What you will do :: Look through the data and write out every line with the word "Placing" in it.

[Opening Entries provided section]

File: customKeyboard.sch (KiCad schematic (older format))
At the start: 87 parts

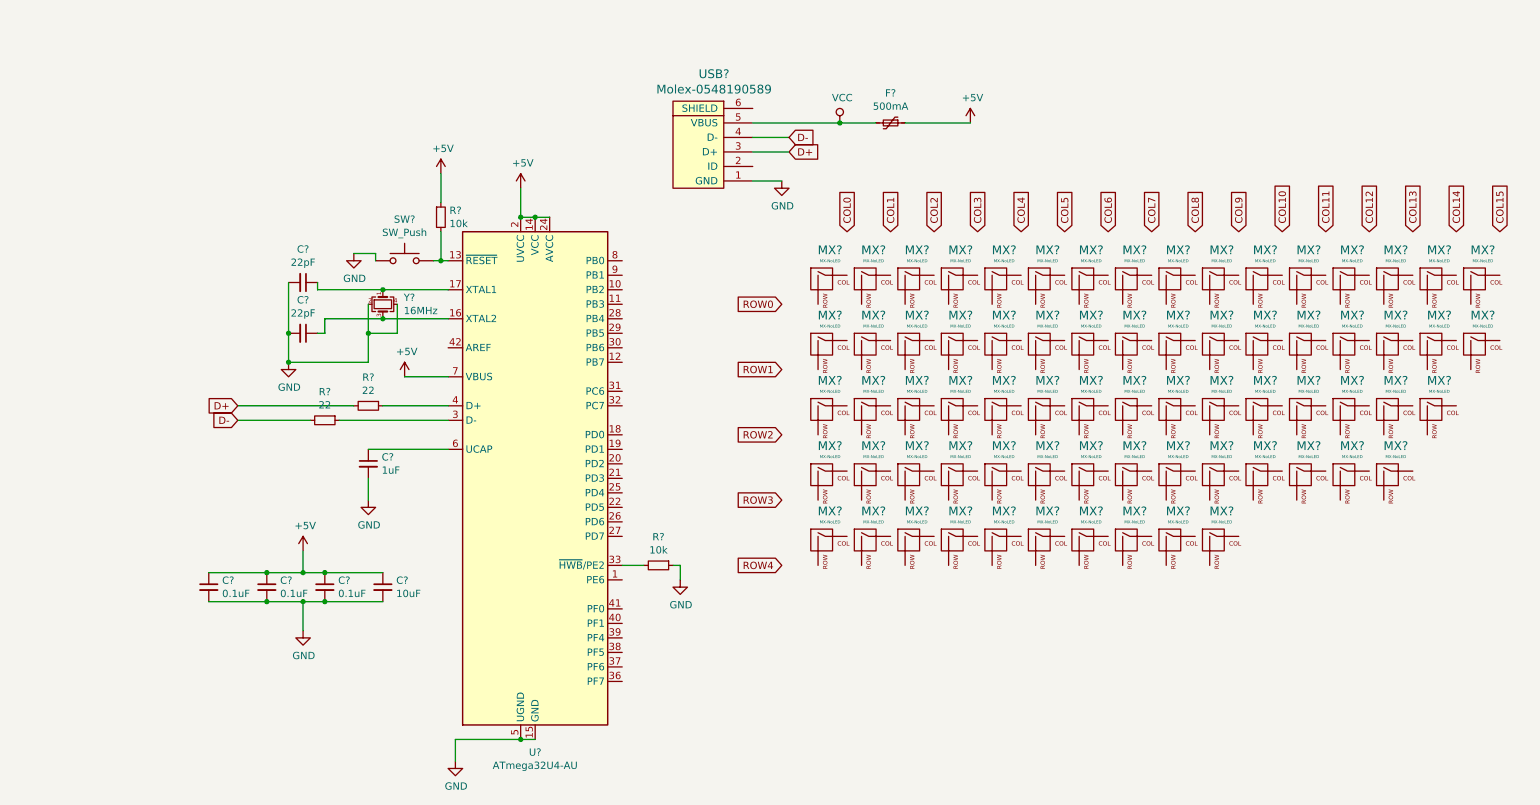
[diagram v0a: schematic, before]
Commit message: Completed Switches Placing
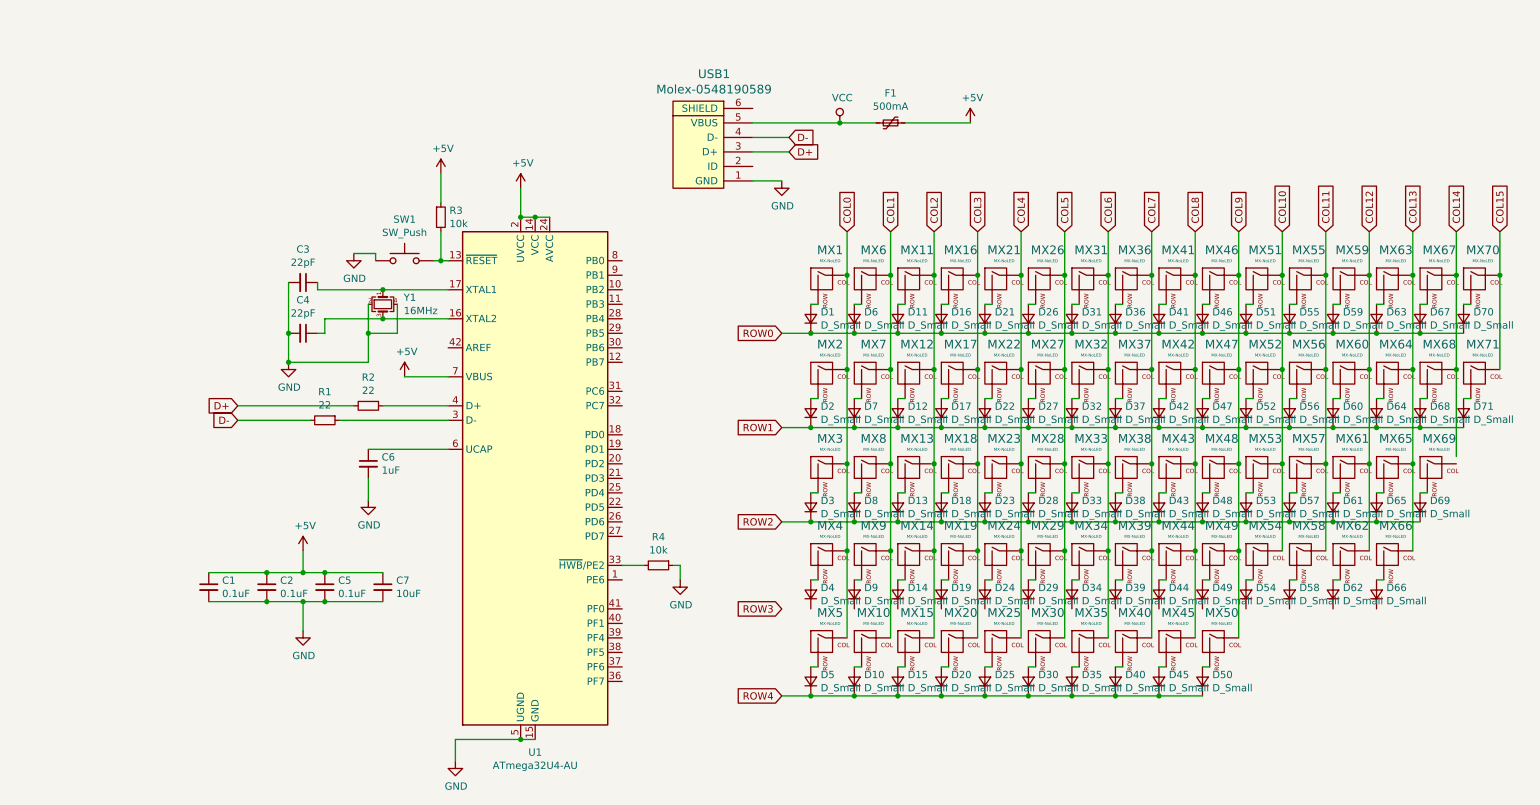
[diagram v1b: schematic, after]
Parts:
- removed MX? (x55): MX-NoLED, symbol MX_Alps_Hybrid:MX-NoLED
- added D1, D10, D11, D12, D13, D14, D15, D16, D17, D18, D19, D2, D20, D21, D22, D23, D24, D25, D26, D27, D28, D29, D3, D30, D31, D32, D33, D34, D35, D36, D37, D38, D39, D4, D40, D41, D42, D43, D44, D45, D46, D47, D48, D49, D5, D50, D51, D52, D53, D54, D55, D56, D57, D58, D59, D6, D60, D61, D62, D63, D64, D65, D66, D67, D68, D69, D7, D70, D71, D8, D9: D_Small, Diode_SMD:D_SOD-123, symbol Device:D_Small
- added MX10, MX12, MX13, MX15, MX18, MX19, MX2, MX20, MX22, MX23, MX24, MX25, MX27, MX28, MX29, MX3, MX32, MX34, MX35, MX37, MX38, MX39, MX4, MX40, MX42, MX43, MX44, MX47, MX49, MX5, MX50, MX52, MX53, MX54, MX56, MX57, MX58, MX60, MX61, MX69, MX7, MX71, MX8, MX9: MX-NoLED, MX_Alps_Hybrid:MX-1U, symbol MX_Alps_Hybrid:MX-NoLED
- added MX14: MX-NoLED, MX_Alps_Hybrid:MX-2U, symbol MX_Alps_Hybrid:MX-NoLED
- added MX17, MX30: MX-NoLED, MX_Alps_Hybrid:MX-1.5U, symbol MX_Alps_Hybrid:MX-NoLED
- added MX33: MX-NoLED, MX_Alps_Hybrid:MX-1.75U, symbol MX_Alps_Hybrid:MX-NoLED
- added MX45, MX48: MX-NoLED, MX_Alps_Hybrid:MX-2.25U, symbol MX_Alps_Hybrid:MX-NoLED
- added MX62, MX64, MX66, MX68: MX-NoLED, MX_Alps_Hybrid:MX-1.25U, symbol MX_Alps_Hybrid:MX-NoLED
- added MX65: MX-NoLED, MX_Alps_Hybrid:MX-6.25U, symbol MX_Alps_Hybrid:MX-NoLED
- C1, C2, C3, C4, C5, C6, C7: renamed from C?; footprint (none) -> Capacitor_SMD:C_0805_2012Metric
- F1: renamed from F?; footprint (none) -> Fuse:Fuse_1206_3216Metric
- MX1, MX11, MX16, MX21, MX26, MX31, MX36, MX41, MX46, MX51, MX55, MX6, MX70: renamed from MX?; footprint (none) -> MX_Alps_Hybrid:MX-1U
- MX59: renamed from MX?; footprint (none) -> MX_Alps_Hybrid:MX-2.75U
- MX63, MX67: renamed from MX?; footprint (none) -> MX_Alps_Hybrid:MX-1.25U
- R1, R2, R3, R4: renamed from R?; footprint (none) -> Resistor_SMD:R_0805_2012Metric
- SW1: renamed from SW?; footprint (none) -> random-keyboard-parts:SKQG-1155865
- USB1: renamed from USB?; footprint (none) -> random-keyboard-parts:Molex-0548190589
- Y1: renamed from Y?; footprint (none) -> Crystal:Crystal_SMD_3225-4Pin_3.2x2.5mm
- gave numbers to parts that had none: 1
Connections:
- net COL0: now also MX1.1 (COL), MX2.1 (COL), MX3.1 (COL), MX4.1 (COL), MX5.1 (COL)
- net COL1: now also MX6.1 (COL), MX10.1 (COL), MX7.1 (COL), MX8.1 (COL), MX9.1 (COL)
- net COL10: now also MX51.1 (COL), MX52.1 (COL), MX53.1 (COL), MX54.1 (COL)
- net COL11: now also MX55.1 (COL), MX56.1 (COL), MX57.1 (COL), MX58.1 (COL)
- net COL12: now also MX59.1 (COL), MX60.1 (COL), MX61.1 (COL), MX62.1 (COL)
- net COL13: now also MX63.1 (COL), MX64.1 (COL), MX65.1 (COL), MX66.1 (COL)
- net COL14: now also MX67.1 (COL), MX68.1 (COL)
- net COL15: now also MX70.1 (COL), MX71.1 (COL)
- net COL2: now also MX11.1 (COL), MX12.1 (COL), MX13.1 (COL), MX14.1 (COL), MX15.1 (COL)
- net COL3: now also MX16.1 (COL), MX17.1 (COL), MX18.1 (COL), MX19.1 (COL), MX20.1 (COL)
- net COL4: now also MX21.1 (COL), MX22.1 (COL), MX23.1 (COL), MX24.1 (COL), MX25.1 (COL)
- net COL5: now also MX26.1 (COL), MX27.1 (COL), MX28.1 (COL), MX29.1 (COL), MX30.1 (COL)
- net COL6: now also MX31.1 (COL), MX32.1 (COL), MX33.1 (COL), MX34.1 (COL), MX35.1 (COL)
- net COL7: now also MX36.1 (COL), MX37.1 (COL), MX38.1 (COL), MX39.1 (COL), MX40.1 (COL)
- net COL8: now also MX41.1 (COL), MX42.1 (COL), MX43.1 (COL), MX44.1 (COL), MX45.1 (COL)
- net COL9: now also MX46.1 (COL), MX47.1 (COL), MX48.1 (COL), MX49.1 (COL), MX50.1 (COL)
- net ROW0: now also D1.1 (K), D11.1 (K), D16.1 (K), D21.1 (K), D26.1 (K), D31.1 (K), D36.1 (K), D41.1 (K), D46.1 (K), D51.1 (K), D55.1 (K), D59.1 (K), D6.1 (K), D63.1 (K), D67.1 (K), D70.1 (K)
- net ROW1: now also D12.1 (K), D17.1 (K), D2.1 (K), D22.1 (K), D27.1 (K), D32.1 (K), D37.1 (K), D42.1 (K), D47.1 (K), D52.1 (K), D56.1 (K), D60.1 (K), D64.1 (K), D68.1 (K), D7.1 (K), D71.1 (K)
- net ROW2: now also D13.1 (K), D18.1 (K), D23.1 (K), D28.1 (K), D3.1 (K), D33.1 (K), D38.1 (K), D43.1 (K), D48.1 (K), D53.1 (K), D57.1 (K), D61.1 (K), D65.1 (K), D69.1 (K), D8.1 (K)
- net ROW4: now also D10.1 (K), D15.1 (K), D20.1 (K), D25.1 (K), D30.1 (K), D35.1 (K), D40.1 (K), D45.1 (K), D5.1 (K), D50.1 (K)
- net at MX1.2 (ROW): now also D1.2 (A)
- net at MX6.2 (ROW): now also D6.2 (A)
- net at MX11.2 (ROW): now also D11.2 (A)
- net at MX16.2 (ROW): now also D16.2 (A)
- net at MX21.2 (ROW): now also D21.2 (A)
- net at MX26.2 (ROW): now also D26.2 (A)
- net at MX31.2 (ROW): now also D31.2 (A)
- net at MX36.2 (ROW): now also D36.2 (A)
- net at MX41.2 (ROW): now also D41.2 (A)
- net at MX46.2 (ROW): now also D46.2 (A)
- net at MX51.2 (ROW): now also D51.2 (A)
- net at MX55.2 (ROW): now also D55.2 (A)
- net at MX59.2 (ROW): now also D59.2 (A)
- net at MX63.2 (ROW): now also D63.2 (A)
- net at MX67.2 (ROW): now also D67.2 (A)
- net at MX70.2 (ROW): now also D70.2 (A)
- new net: D4.2 (A), MX4.2 (ROW)
- new net: D9.2 (A), MX9.2 (ROW)
- new net: D14.2 (A), MX14.2 (ROW)
- new net: D19.2 (A), MX19.2 (ROW)
- new net: D24.2 (A), MX24.2 (ROW)
- new net: D29.2 (A), MX29.2 (ROW)
- new net: D34.2 (A), MX34.2 (ROW)
- new net: D39.2 (A), MX39.2 (ROW)
- new net: D44.2 (A), MX44.2 (ROW)
- new net: D49.2 (A), MX49.2 (ROW)
- new net: D54.2 (A), MX54.2 (ROW)
- new net: D58.2 (A), MX58.2 (ROW)
- new net: D62.2 (A), MX62.2 (ROW)
- new net: D66.2 (A), MX66.2 (ROW)
- new net: D5.2 (A), MX5.2 (ROW)
- new net: D10.2 (A), MX10.2 (ROW)
- new net: D15.2 (A), MX15.2 (ROW)
- new net: D20.2 (A), MX20.2 (ROW)
- new net: D25.2 (A), MX25.2 (ROW)
- new net: D30.2 (A), MX30.2 (ROW)
- new net: D35.2 (A), MX35.2 (ROW)
- new net: D40.2 (A), MX40.2 (ROW)
- new net: D45.2 (A), MX45.2 (ROW)
- new net: D50.2 (A), MX50.2 (ROW)
- new net: D2.2 (A), MX2.2 (ROW)
- new net: D7.2 (A), MX7.2 (ROW)
- new net: D12.2 (A), MX12.2 (ROW)
- new net: D17.2 (A), MX17.2 (ROW)
- new net: D22.2 (A), MX22.2 (ROW)
- new net: D27.2 (A), MX27.2 (ROW)
- new net: D32.2 (A), MX32.2 (ROW)
- new net: D37.2 (A), MX37.2 (ROW)
- new net: D42.2 (A), MX42.2 (ROW)
- new net: D47.2 (A), MX47.2 (ROW)
- new net: D52.2 (A), MX52.2 (ROW)
- new net: D56.2 (A), MX56.2 (ROW)
- new net: D60.2 (A), MX60.2 (ROW)
- new net: D64.2 (A), MX64.2 (ROW)
- new net: D68.2 (A), MX68.2 (ROW)
- new net: D71.2 (A), MX71.2 (ROW)
- new net: D3.2 (A), MX3.2 (ROW)
- new net: D8.2 (A), MX8.2 (ROW)
- new net: D13.2 (A), MX13.2 (ROW)
- new net: D18.2 (A), MX18.2 (ROW)
- new net: D23.2 (A), MX23.2 (ROW)
- new net: D28.2 (A), MX28.2 (ROW)
- new net: D33.2 (A), MX33.2 (ROW)
- new net: D38.2 (A), MX38.2 (ROW)
- new net: D43.2 (A), MX43.2 (ROW)
- new net: D48.2 (A), MX48.2 (ROW)
- new net: D53.2 (A), MX53.2 (ROW)
- new net: D57.2 (A), MX57.2 (ROW)
- new net: D61.2 (A), MX61.2 (ROW)
- new net: D65.2 (A), MX65.2 (ROW)
- new net: D69.2 (A), MX69.2 (ROW)

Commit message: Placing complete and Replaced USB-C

[Closing Entries provided section]

Output for this exercise ::
Commit message: Completed Switches Placing
Commit message: Placing complete and Replaced USB-C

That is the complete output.